Prozessauftakt im Fall des qualmenden Mieters: "Ich bin stellvertretend für die Raucher hier"

24.07.2013

Das Mietverhältnis von Friedhelm Adolfs (75) war nach 40 Jahren wegen starken Rauchens gekündigt worden. Der schmächtige Rentner mit dem Vollbart ist zu einer Symbolfigur vieler Raucher geworden, die sich in die Enge getrieben fühlen. Am Mittwoch bekunden sie ihre Solidarität mit Adolfs. Seine Sympathisanten erkennt man auch am Raucherhusten.

 

"Ich bin kein Robin Hood und ich habe auch keinen Pfeil und Bogen. Aber ich bin stellvertretend für die Raucher hier", sagt der 74-Jährige vor dem Prozess. "Wir können uns nicht alles gefallen lassen."

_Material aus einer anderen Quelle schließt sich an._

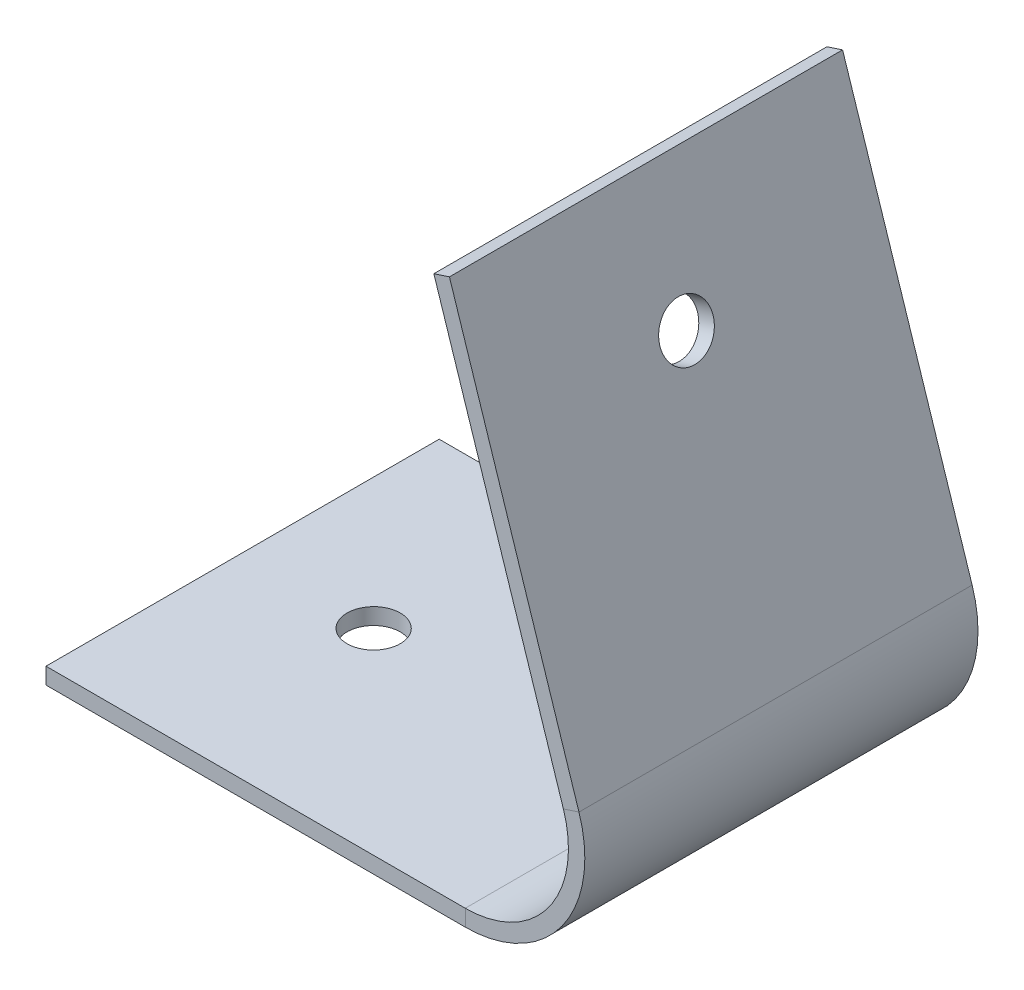
from build123d import *

# Parameters (mm, degrees)
SKETCH1_W                  = 101.6
SKETCH1_H                  = 38.1
SKETCH1_R                  = 2.5796875
BOSS_EXTRUDE1_DEPTH        = 1.5875
SKETCHED_START             = -19.05
SKETCHED_BEND1_DEPTH       = 38.1
SKETCHED_BEND1_2_DEPTH     = 16.4703124
SKETCHED_START_2           = 2.5796876
SKETCHED_BEND1_3_DEPTH     = 16.4703124
SKETCHED_START_3           = -2.5796876
SKETCHED_BEND1_4_DEPTH     = 5.1593752
SKETCHED_START_4           = 3.905760394
SKETCHED_BEND1_5_OUTLINE_R = 2.5796875
SKETCHED_BEND1_5_DEPTH     = 1.5875


with BuildPart() as part:
    # Sketch1 → Boss-Extrude1 (new body)
    with BuildSketch(Plane(origin=(0, 0, 0), x_dir=(1, 0, 0), z_dir=(0, 1, 0))):
        Rectangle(SKETCH1_W, SKETCH1_H)
        with Locations(Location((-38.1, 0, 0), (0, 0, 270))):
            Circle(SKETCH1_R, mode=Mode.SUBTRACT)
        with Locations(Location((38.1, 0, 0), (0, 0, 270))):
            Circle(SKETCH1_R, mode=Mode.SUBTRACT)
    extrude(amount=BOSS_EXTRUDE1_DEPTH)

    # Sketched Bend1: read off the stored shape, not the designer's step
    # Sketched Bend1 outline → Sketched Bend1 (cut)
    with BuildSketch(Plane.XY.offset(SKETCHED_START)):
        with BuildLine():
            Line((50.8, 1.5875), (-4.318797944, 1.5875))
            ThreePointArc((-4.318797944, 1.5875), (-7.140118794, 0.403914791), (-10.172869711, 0))
            Line((-10.172869711, 0), (50.8, 0))
            Line((50.8, 0), (50.8, 1.5875))
        make_face()
    extrude(amount=SKETCHED_BEND1_DEPTH, mode=Mode.SUBTRACT)

    # Sketched Bend1 2 outline → Sketched Bend1 2 (add)
    with BuildSketch(Plane.XY.offset(SKETCHED_START)):
        with BuildLine():
            Line((-13.21677824, 53.316366943), (-0.662304548, 14.677669944))
            ThreePointArc((-0.662304548, 14.677669944), (-2.082699768, 5.709647478), (-10.172869711, 1.5875))
            Line((-10.172869711, 1.5875), (-4.318797944, 1.5875))
            ThreePointArc((-4.318797944, 1.5875), (0.657447044, 7.467500578), (0.847497671, 15.168234422))
            Line((0.847497671, 15.168234422), (-11.706976021, 53.806931422))
            Line((-11.706976021, 53.806931422), (-13.21677824, 53.316366943))
        make_face()
    extrude(amount=SKETCHED_BEND1_2_DEPTH)

    # Sketched Bend1 3 outline → Sketched Bend1 3 (add)
    with BuildSketch(Plane.XY.offset(SKETCHED_START_2)):
        with BuildLine():
            Line((-13.21677824, 53.316366943), (-0.662304548, 14.677669944))
            ThreePointArc((-0.662304548, 14.677669944), (-2.082699768, 5.709647478), (-10.172869711, 1.5875))
            Line((-10.172869711, 1.5875), (-4.318797944, 1.5875))
            ThreePointArc((-4.318797944, 1.5875), (0.657447044, 7.467500578), (0.847497671, 15.168234422))
            Line((0.847497671, 15.168234422), (-11.706976021, 53.806931422))
            Line((-11.706976021, 53.806931422), (-13.21677824, 53.316366943))
        make_face()
    extrude(amount=SKETCHED_BEND1_3_DEPTH)

    # Sketched Bend1 4 outline → Sketched Bend1 4 (add)
    with BuildSketch(Plane.XY.offset(SKETCHED_START_3)):
        with BuildLine():
            Line((-13.21677824, 53.316366943), (-0.662304548, 14.677669944))
            ThreePointArc((-0.662304548, 14.677669944), (-2.082699768, 5.709647478), (-10.172869711, 1.5875))
            Line((-10.172869711, 1.5875), (-4.318797944, 1.5875))
            ThreePointArc((-4.318797944, 1.5875), (0.657447044, 7.467500578), (0.847497671, 15.168234422))
            Line((0.847497671, 15.168234422), (-11.706976021, 53.806931422))
            Line((-11.706976021, 53.806931422), (-13.21677824, 53.316366943))
        make_face()
    extrude(amount=SKETCHED_BEND1_4_DEPTH)

    # Sketched Bend1 5 outline → Sketched Bend1 5 (cut)
    with BuildSketch(Plane(origin=(0, 0, 0), x_dir=(-0.30901699437495117, 0.9510565162951524, 0), z_dir=(0.9510565162951524, 0.3090169943749511, 0)).offset(SKETCHED_START_4)):
        with Locations((42.091087294, 0)):
            Circle(SKETCHED_BEND1_5_OUTLINE_R)
    extrude(amount=SKETCHED_BEND1_5_DEPTH, mode=Mode.SUBTRACT)


solid = part.part

Der Fall vor dem Amtsgericht (AG) Düsseldorf (Az. 24 C 1355/13) könne durchaus Auswirkungen für die Rechte der Raucher haben, sagt Adolfs Anwältin Nina Plein. Schließlich prallen hier zwei Grundrechte aufeinander: Die persönliche Freiheit des Mieters und das Recht auf körperliche Unversehrtheit seiner Nachbarn. Wird die Justiz die Grenze neu vermessen?

Die Verhandlung dauert nur wenige Minuten. Beide Seiten schließen eine gütliche Einigung aus. Amtsrichter Tobias Rundel hat keine weiteren Fragen und lässt sich nicht in die Karten gucken. Er bestimmt den Verkündungstermin auf kommende Woche.

Der Fall hat bundesweit Aufsehen erregt, als Rundel dem Rentner die Prozesskostenhilfe versagte - mangels Aussichten auf Erfolg. Das Landgericht hat die Entscheidung zwar aufgehoben, aber hat dies Rundel umstimmen können?

"Angeblich stinkt es"

Weil er die Fenster nicht öffne und über die Wohnungstür in den Flur entlüfte, sei der Gestank den übrigen Mietern nicht zuzumuten, erklärt die Anwältin der Vermieterin, Carmen Griesel. Eineinhalb Jahre lang habe der Mieter alle Beschwerden und Abmahnungen ignoriert. "Er hatte genügend Gelegenheiten. Seine Seite hat die Geruchsbelästigungen auch gar nicht bestritten."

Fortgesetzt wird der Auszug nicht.